Source records:

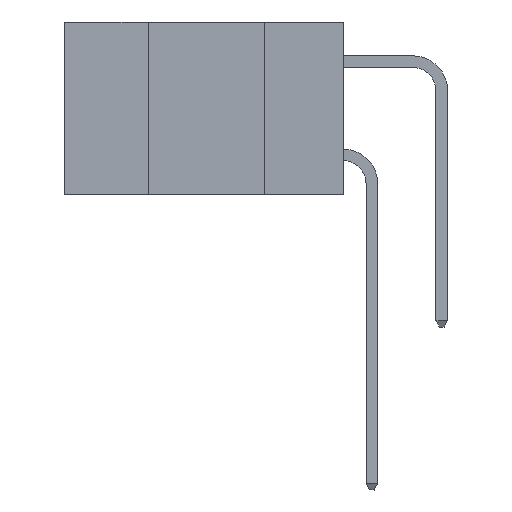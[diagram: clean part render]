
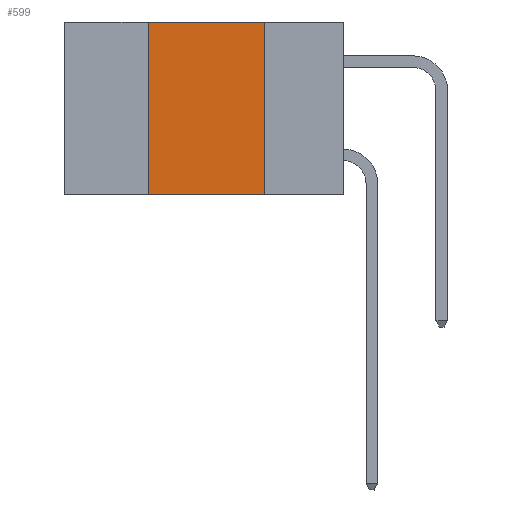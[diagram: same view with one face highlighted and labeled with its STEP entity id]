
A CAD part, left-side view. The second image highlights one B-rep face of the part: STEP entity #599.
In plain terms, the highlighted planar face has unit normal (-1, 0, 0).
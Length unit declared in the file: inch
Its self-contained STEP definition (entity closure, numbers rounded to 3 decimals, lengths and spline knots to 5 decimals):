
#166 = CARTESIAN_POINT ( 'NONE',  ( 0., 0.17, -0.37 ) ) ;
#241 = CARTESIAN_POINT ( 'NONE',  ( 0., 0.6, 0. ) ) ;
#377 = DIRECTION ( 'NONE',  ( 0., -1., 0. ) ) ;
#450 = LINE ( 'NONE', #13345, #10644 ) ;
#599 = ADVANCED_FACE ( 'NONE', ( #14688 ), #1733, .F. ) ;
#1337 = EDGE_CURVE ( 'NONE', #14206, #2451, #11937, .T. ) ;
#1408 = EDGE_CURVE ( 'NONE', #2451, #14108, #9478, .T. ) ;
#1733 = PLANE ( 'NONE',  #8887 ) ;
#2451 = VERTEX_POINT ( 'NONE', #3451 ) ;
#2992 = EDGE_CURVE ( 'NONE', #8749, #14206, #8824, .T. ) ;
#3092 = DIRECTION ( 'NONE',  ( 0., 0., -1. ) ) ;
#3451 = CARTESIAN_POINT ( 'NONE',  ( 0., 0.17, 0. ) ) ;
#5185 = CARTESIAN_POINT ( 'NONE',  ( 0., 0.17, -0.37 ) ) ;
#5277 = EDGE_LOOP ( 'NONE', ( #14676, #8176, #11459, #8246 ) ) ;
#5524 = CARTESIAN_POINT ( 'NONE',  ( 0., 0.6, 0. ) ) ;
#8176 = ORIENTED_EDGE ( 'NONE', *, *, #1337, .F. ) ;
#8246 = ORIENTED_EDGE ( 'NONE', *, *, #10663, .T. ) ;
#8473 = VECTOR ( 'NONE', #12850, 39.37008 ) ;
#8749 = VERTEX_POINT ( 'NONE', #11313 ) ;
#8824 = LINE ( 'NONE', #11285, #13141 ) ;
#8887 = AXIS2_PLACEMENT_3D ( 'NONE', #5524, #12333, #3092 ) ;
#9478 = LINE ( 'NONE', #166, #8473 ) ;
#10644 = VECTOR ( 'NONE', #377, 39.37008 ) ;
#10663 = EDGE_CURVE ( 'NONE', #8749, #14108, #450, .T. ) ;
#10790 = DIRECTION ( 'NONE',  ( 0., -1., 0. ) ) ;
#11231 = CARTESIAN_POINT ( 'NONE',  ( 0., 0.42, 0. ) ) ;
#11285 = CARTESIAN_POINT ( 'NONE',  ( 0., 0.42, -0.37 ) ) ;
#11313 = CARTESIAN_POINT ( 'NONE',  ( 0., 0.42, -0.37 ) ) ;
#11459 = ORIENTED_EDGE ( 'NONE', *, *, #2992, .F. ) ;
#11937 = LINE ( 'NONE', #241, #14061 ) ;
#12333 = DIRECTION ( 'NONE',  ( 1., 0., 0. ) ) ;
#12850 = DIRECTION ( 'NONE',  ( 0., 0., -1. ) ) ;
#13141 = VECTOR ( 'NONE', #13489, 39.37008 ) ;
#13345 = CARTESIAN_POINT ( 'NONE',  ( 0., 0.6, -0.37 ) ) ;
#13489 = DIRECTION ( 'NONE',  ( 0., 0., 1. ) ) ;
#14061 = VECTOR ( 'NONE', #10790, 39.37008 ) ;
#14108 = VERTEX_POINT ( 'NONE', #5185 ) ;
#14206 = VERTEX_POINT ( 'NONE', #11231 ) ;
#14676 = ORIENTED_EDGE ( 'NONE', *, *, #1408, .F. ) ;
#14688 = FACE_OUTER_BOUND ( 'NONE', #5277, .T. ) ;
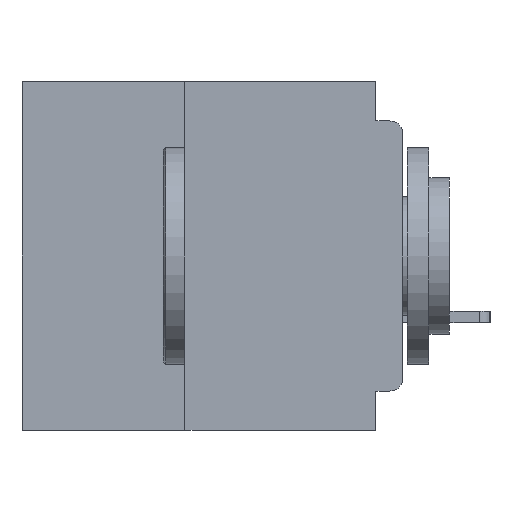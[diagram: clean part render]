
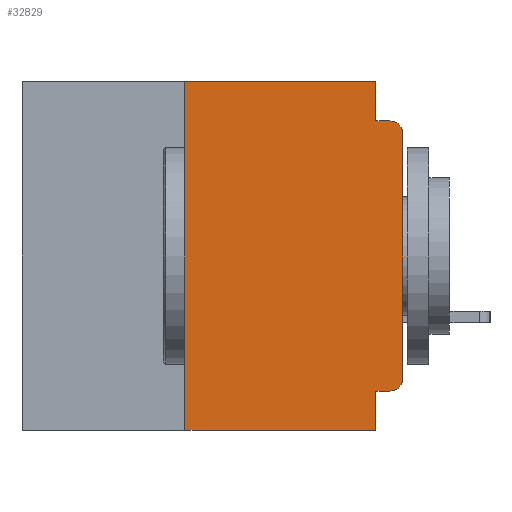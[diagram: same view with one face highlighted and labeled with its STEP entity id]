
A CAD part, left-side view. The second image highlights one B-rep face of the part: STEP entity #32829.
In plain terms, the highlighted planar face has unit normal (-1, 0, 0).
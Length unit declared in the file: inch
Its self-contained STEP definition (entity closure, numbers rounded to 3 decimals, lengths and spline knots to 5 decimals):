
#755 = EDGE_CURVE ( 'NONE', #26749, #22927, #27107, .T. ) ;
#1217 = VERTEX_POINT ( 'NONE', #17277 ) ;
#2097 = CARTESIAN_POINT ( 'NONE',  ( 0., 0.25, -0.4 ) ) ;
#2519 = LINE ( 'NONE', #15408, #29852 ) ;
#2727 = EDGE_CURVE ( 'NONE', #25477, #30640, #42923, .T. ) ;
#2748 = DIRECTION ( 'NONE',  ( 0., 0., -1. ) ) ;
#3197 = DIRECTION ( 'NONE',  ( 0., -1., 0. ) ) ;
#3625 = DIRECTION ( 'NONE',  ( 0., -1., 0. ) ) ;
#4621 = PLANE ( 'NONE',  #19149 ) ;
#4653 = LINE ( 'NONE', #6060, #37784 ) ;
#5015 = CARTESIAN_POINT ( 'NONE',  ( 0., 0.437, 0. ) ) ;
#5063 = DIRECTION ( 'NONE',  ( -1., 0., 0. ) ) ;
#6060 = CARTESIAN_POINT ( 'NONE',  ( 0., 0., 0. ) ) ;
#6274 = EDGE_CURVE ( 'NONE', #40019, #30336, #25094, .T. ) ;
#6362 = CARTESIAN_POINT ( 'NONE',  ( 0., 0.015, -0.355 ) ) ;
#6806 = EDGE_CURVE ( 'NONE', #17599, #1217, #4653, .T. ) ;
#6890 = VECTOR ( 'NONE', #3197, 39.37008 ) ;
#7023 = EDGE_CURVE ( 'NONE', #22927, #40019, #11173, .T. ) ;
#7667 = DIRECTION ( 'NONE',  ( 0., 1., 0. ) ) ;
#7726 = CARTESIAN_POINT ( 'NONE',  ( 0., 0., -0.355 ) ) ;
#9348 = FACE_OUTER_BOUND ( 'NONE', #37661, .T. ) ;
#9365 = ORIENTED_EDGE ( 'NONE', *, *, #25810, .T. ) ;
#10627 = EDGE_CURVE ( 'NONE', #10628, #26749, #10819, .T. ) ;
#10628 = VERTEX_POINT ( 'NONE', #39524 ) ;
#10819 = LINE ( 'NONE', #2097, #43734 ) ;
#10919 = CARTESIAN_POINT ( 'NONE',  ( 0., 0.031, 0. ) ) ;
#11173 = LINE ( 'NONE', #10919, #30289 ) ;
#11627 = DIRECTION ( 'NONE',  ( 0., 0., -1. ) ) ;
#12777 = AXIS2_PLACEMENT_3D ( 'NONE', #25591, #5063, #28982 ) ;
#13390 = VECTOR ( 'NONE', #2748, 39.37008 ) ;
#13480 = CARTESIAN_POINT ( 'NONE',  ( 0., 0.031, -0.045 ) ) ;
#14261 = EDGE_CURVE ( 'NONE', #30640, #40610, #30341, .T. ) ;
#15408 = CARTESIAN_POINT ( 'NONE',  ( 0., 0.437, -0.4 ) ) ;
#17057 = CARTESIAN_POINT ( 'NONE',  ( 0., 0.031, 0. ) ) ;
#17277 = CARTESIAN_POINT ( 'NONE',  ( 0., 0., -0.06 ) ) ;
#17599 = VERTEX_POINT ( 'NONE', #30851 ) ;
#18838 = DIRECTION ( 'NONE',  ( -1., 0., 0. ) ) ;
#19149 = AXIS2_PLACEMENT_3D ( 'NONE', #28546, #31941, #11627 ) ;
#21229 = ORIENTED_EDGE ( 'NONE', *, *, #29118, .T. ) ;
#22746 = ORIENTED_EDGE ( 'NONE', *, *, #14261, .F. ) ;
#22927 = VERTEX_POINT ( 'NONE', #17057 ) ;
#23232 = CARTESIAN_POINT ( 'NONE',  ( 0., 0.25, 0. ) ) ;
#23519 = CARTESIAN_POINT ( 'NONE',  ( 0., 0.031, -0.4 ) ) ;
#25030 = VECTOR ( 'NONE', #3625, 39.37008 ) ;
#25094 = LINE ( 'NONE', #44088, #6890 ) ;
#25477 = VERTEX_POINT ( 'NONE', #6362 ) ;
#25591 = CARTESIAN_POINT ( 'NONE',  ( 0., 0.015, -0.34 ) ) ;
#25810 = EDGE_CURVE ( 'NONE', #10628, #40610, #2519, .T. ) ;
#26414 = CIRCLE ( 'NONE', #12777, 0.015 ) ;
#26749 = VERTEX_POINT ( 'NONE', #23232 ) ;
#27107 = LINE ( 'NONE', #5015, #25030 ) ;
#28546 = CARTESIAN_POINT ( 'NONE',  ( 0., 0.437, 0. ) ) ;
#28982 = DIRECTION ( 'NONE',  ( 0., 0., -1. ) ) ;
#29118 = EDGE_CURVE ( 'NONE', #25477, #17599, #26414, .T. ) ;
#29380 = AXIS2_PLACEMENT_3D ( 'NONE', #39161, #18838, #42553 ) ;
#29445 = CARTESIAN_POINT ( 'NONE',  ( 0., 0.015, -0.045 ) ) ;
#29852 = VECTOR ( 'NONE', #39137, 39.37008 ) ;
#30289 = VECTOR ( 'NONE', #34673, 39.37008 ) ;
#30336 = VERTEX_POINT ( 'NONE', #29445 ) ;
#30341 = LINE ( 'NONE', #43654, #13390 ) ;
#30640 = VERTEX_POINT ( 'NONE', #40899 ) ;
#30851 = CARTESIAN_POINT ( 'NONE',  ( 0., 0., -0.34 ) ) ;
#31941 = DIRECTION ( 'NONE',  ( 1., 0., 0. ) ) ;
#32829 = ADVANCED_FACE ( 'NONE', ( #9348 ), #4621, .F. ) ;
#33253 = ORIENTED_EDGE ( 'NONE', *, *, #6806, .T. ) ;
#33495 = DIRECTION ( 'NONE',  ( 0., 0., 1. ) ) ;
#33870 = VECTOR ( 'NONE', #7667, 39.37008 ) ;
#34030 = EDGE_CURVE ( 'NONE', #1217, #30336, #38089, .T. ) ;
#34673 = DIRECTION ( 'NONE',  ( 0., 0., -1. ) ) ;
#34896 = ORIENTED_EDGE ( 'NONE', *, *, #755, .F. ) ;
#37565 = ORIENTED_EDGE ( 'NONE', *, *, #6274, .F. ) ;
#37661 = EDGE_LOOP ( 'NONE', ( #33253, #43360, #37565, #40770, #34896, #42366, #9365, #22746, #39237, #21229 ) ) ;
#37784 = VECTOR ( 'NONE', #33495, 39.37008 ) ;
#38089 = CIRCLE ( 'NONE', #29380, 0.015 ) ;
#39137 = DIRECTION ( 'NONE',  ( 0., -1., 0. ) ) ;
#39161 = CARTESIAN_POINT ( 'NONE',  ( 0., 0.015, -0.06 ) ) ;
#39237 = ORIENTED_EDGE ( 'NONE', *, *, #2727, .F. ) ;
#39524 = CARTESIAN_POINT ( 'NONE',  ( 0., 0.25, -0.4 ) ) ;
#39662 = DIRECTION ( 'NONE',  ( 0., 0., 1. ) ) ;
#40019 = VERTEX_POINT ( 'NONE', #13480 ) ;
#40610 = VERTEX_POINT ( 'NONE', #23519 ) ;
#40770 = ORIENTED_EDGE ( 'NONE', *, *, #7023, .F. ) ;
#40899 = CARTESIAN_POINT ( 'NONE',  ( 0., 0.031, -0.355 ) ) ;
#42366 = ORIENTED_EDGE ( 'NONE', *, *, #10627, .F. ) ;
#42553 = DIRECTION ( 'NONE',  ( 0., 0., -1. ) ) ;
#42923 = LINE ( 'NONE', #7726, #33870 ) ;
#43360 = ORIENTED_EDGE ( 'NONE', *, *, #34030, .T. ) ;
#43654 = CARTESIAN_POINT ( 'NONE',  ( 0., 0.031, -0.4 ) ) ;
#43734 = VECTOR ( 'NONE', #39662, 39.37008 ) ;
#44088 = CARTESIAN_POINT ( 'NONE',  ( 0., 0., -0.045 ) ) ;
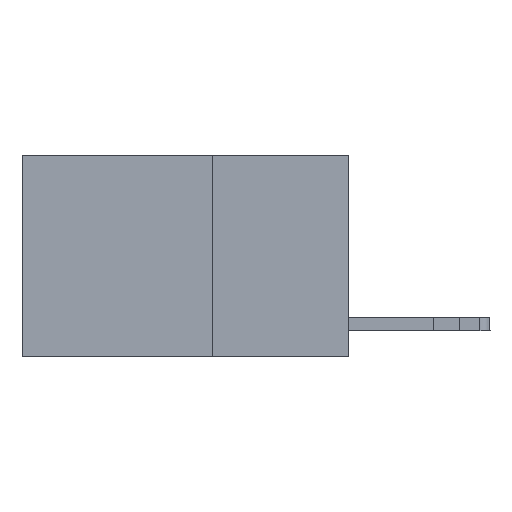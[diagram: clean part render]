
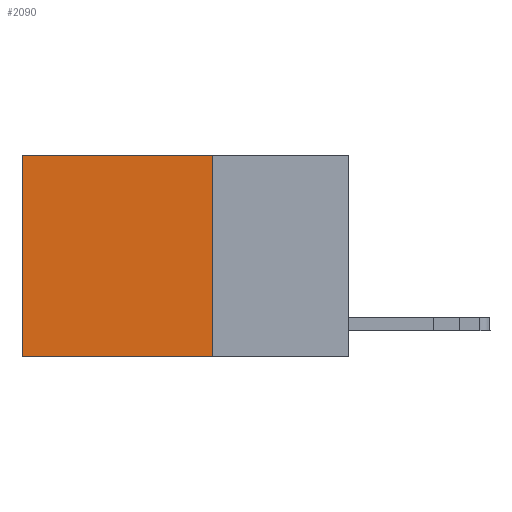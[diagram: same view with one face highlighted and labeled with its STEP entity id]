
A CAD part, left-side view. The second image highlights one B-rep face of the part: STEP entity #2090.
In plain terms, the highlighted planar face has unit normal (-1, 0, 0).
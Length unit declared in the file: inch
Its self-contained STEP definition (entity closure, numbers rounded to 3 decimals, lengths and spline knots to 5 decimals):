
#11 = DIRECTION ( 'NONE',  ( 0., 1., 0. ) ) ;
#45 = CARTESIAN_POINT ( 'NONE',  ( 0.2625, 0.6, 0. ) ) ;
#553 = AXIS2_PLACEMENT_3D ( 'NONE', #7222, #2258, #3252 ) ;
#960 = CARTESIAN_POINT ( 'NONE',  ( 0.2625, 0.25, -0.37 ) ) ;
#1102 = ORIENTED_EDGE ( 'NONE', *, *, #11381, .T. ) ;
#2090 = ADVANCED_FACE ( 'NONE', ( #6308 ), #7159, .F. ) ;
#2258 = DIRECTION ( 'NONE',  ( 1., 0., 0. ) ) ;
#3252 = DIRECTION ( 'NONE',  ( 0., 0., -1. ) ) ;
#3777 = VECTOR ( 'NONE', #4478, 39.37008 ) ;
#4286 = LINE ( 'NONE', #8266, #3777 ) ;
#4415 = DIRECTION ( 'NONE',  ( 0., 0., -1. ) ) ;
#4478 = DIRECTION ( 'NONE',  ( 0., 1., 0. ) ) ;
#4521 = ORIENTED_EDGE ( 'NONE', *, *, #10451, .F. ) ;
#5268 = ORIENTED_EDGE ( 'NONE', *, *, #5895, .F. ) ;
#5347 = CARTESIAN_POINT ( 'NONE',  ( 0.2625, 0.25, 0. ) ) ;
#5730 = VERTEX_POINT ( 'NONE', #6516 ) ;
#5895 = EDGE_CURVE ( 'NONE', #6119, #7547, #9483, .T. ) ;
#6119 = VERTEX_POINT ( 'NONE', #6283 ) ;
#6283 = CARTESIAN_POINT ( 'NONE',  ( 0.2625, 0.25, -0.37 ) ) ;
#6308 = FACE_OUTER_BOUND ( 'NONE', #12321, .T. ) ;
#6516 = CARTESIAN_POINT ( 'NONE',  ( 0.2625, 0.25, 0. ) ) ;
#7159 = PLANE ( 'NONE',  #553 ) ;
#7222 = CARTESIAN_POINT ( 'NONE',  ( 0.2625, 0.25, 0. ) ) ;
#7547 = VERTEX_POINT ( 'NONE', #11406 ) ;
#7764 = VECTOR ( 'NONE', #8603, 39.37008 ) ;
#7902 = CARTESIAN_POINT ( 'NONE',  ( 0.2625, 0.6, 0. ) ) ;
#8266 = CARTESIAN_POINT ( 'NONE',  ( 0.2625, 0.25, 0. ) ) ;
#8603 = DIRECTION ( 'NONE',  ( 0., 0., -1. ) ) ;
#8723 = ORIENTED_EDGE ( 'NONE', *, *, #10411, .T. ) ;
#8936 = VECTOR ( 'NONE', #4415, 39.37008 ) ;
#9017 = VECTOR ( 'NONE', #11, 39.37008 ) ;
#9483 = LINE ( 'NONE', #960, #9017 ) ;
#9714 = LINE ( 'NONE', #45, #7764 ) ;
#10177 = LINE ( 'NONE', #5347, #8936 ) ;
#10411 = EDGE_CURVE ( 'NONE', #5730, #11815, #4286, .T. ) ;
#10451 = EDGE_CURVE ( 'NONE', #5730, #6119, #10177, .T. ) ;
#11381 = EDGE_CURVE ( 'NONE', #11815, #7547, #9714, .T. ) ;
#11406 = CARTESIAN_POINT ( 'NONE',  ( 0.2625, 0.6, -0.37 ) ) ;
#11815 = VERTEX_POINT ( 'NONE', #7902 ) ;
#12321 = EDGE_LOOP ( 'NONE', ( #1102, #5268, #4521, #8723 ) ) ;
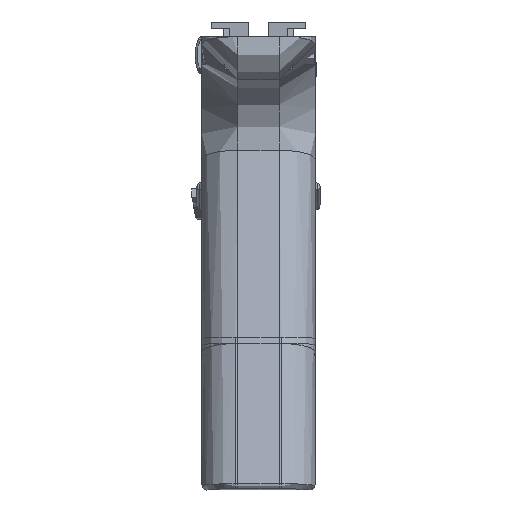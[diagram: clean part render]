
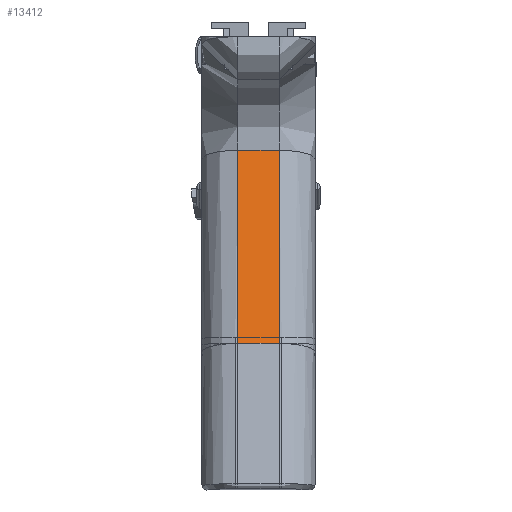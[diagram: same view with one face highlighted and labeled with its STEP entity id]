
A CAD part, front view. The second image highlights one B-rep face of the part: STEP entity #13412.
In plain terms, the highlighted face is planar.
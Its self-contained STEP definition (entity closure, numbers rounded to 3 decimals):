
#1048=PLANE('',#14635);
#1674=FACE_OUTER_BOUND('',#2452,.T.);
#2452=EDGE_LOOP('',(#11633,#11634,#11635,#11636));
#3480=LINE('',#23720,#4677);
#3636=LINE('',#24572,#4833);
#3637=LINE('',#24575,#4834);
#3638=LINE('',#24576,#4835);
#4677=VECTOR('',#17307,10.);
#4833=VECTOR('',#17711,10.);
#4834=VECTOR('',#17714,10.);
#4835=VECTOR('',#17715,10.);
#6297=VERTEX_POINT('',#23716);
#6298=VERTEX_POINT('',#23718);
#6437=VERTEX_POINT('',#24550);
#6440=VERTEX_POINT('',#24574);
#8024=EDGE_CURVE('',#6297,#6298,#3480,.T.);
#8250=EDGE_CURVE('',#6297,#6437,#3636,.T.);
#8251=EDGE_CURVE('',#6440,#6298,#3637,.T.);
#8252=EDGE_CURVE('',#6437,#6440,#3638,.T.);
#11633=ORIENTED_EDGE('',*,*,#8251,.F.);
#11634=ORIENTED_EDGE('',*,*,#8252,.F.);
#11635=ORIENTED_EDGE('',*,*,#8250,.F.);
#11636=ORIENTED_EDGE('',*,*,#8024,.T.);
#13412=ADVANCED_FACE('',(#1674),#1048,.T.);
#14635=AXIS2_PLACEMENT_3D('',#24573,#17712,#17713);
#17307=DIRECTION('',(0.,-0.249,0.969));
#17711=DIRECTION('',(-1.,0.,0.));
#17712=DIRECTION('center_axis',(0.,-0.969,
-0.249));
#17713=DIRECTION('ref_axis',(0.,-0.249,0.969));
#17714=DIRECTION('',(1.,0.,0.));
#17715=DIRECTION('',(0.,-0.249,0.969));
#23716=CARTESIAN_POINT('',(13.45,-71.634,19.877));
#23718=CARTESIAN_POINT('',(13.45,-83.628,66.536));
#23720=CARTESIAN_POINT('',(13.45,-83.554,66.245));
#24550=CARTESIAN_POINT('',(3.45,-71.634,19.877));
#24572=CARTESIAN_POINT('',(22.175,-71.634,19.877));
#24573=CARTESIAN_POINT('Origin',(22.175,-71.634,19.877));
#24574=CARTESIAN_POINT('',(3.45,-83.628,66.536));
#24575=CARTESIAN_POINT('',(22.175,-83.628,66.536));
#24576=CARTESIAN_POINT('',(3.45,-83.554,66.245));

About this task: Retype the lines from the one containing "#3638=LINE('',#24576,#4835);" to the last line above. Change nothing and include no others.

Response to the exercise:
#3638=LINE('',#24576,#4835);
#4677=VECTOR('',#17307,10.);
#4833=VECTOR('',#17711,10.);
#4834=VECTOR('',#17714,10.);
#4835=VECTOR('',#17715,10.);
#6297=VERTEX_POINT('',#23716);
#6298=VERTEX_POINT('',#23718);
#6437=VERTEX_POINT('',#24550);
#6440=VERTEX_POINT('',#24574);
#8024=EDGE_CURVE('',#6297,#6298,#3480,.T.);
#8250=EDGE_CURVE('',#6297,#6437,#3636,.T.);
#8251=EDGE_CURVE('',#6440,#6298,#3637,.T.);
#8252=EDGE_CURVE('',#6437,#6440,#3638,.T.);
#11633=ORIENTED_EDGE('',*,*,#8251,.F.);
#11634=ORIENTED_EDGE('',*,*,#8252,.F.);
#11635=ORIENTED_EDGE('',*,*,#8250,.F.);
#11636=ORIENTED_EDGE('',*,*,#8024,.T.);
#13412=ADVANCED_FACE('',(#1674),#1048,.T.);
#14635=AXIS2_PLACEMENT_3D('',#24573,#17712,#17713);
#17307=DIRECTION('',(0.,-0.249,0.969));
#17711=DIRECTION('',(-1.,0.,0.));
#17712=DIRECTION('center_axis',(0.,-0.969,
-0.249));
#17713=DIRECTION('ref_axis',(0.,-0.249,0.969));
#17714=DIRECTION('',(1.,0.,0.));
#17715=DIRECTION('',(0.,-0.249,0.969));
#23716=CARTESIAN_POINT('',(13.45,-71.634,19.877));
#23718=CARTESIAN_POINT('',(13.45,-83.628,66.536));
#23720=CARTESIAN_POINT('',(13.45,-83.554,66.245));
#24550=CARTESIAN_POINT('',(3.45,-71.634,19.877));
#24572=CARTESIAN_POINT('',(22.175,-71.634,19.877));
#24573=CARTESIAN_POINT('Origin',(22.175,-71.634,19.877));
#24574=CARTESIAN_POINT('',(3.45,-83.628,66.536));
#24575=CARTESIAN_POINT('',(22.175,-83.628,66.536));
#24576=CARTESIAN_POINT('',(3.45,-83.554,66.245));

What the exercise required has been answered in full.